### Instructions for the task
Read the records that follow and state how many lines hold "construction", adding nothing else.

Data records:
------------------------

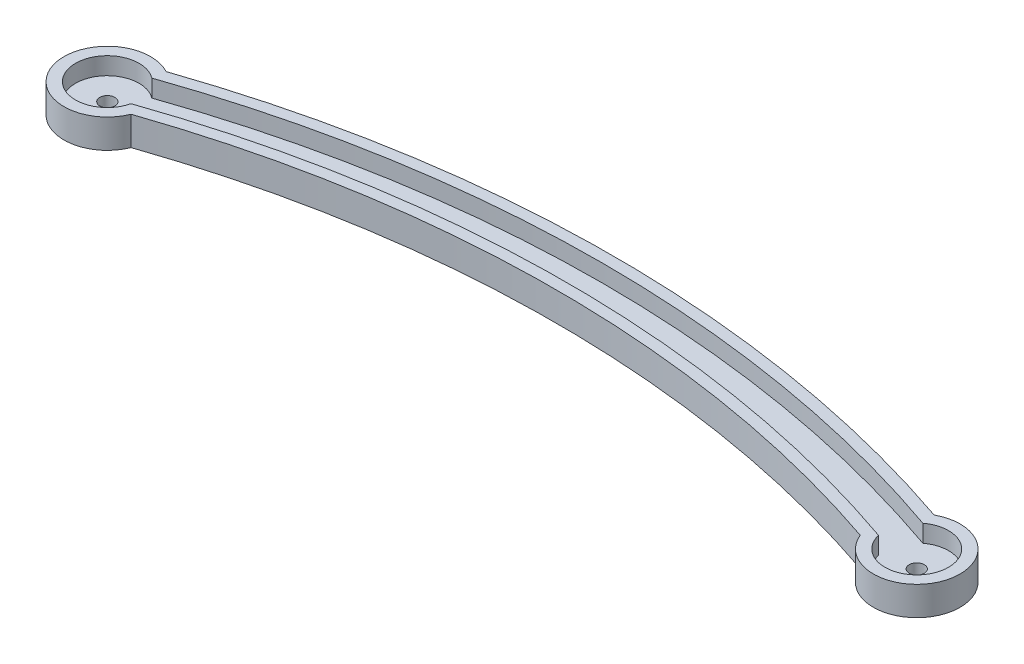
SolidWorks part; units mm, degrees
material "PLA"
ref_plane "Płaszczyzna przednia" through (0, 0, 0) normal (0, 0, 1) x (1, 0, 0)
ref_plane "Blat stołu" through (0, 0, 0) normal (0, 1, 0) x (1, 0, 0)
ref_plane "Płaszczyzna prawa" through (0, 0, 0) normal (1, 0, 0) x (0, 0, -1)
sketch "Szkic4" plane through (0, 0, 0) normal (0, 1, 0) x (1, 0, 0)
  arc A0 (3.5785, 6.5912) -> (6.9475, -2.8252) centre (0, 0) ccw
  arc A1 (133.0525, -2.8252) -> (136.4215, 6.5912) centre (140, 0) ccw
  arc A2 (0, 0) -> (140, 0) centre (70, -187.3499) cw construction
  arc A3 (6.9475, -2.8252) -> (133.0525, -2.8252) centre (70, -187.3499) cw
  arc A4 (3.5785, 6.5912) -> (136.4215, 6.5912) centre (70, -187.3499) cw
  arc A6 (-1.75, 4.6837) -> (141.75, 4.6837) centre (70, -187.3499) cw construction
  arc A7 (1.75, -4.6837) -> (138.25, -4.6837) centre (70, -187.3499) cw construction
  dimension "D2" = 15
  dimension "D3" = 15
  dimension "D4" = 200
  dimension "D1" = 140
  dimension "D5" = 70
  dimension "D6" = 5
  dimension "D7" = 5
extrude "Dodanie-wyciągnięcie2" add sketch "Szkic4" along normal blind 5
shell "Skorupa2" thickness 2 removed face at (70, 5, -5.0618)
hole_wizard "Otwór pod śrubę M22" positions "Szkic 3D2" profile "Szkic5" hole size "M2" standard "ISO" end condition up to next
sketch3d "Szkic 3D2"
  line L0 (0, 5, 0) -> (0, 2, 0) construction
  line L1 (0, 5, 0) -> (0, 0, 0) construction
  arc A0 (134.646, 2, 1.2588) -> (136.6812, 2, -4.3859) centre (140, 2, 0) ccw construction
  arc A1 (3.3188, 5, -4.3859) -> (5.354, 5, 1.2588) centre (0, 5, 0) ccw construction
  point P0 (0, 0, 0)
  point P3 (0, 0, 0)
  point P5 (140, 2, 0)
  point P7 (0, 0, 0)
  point P13 (140, 7.5, 0)
  point P14 (0, 10, 0)
  point P20 (0, 10, 0)
  point P22 (0, 10, 0)
  point P25 (0, 0, 0)
  point P27 (0, 2, 0)
  point P33 (0, 10.5, 0)
sketch "Szkic5" plane through (0, 2, 0) normal (1, 0, 0) x (0, 0, 1)
  line L0 (0, 0) -> (0, 2.001)
  line L1 (0, 2.001) -> (1.3, 2.001)
  line L2 (1.3, 2.001) -> (1.3, 0)
  line L5 (1.3, 0) -> (0, 0)
  line L11 (0, -6.35) -> (0, 107.95) construction
  dimension "Średnica otworu na wylot" = 2.6
  dimension "Głębokość otworu na wylot" = 2.001

------------------------

### Your response
8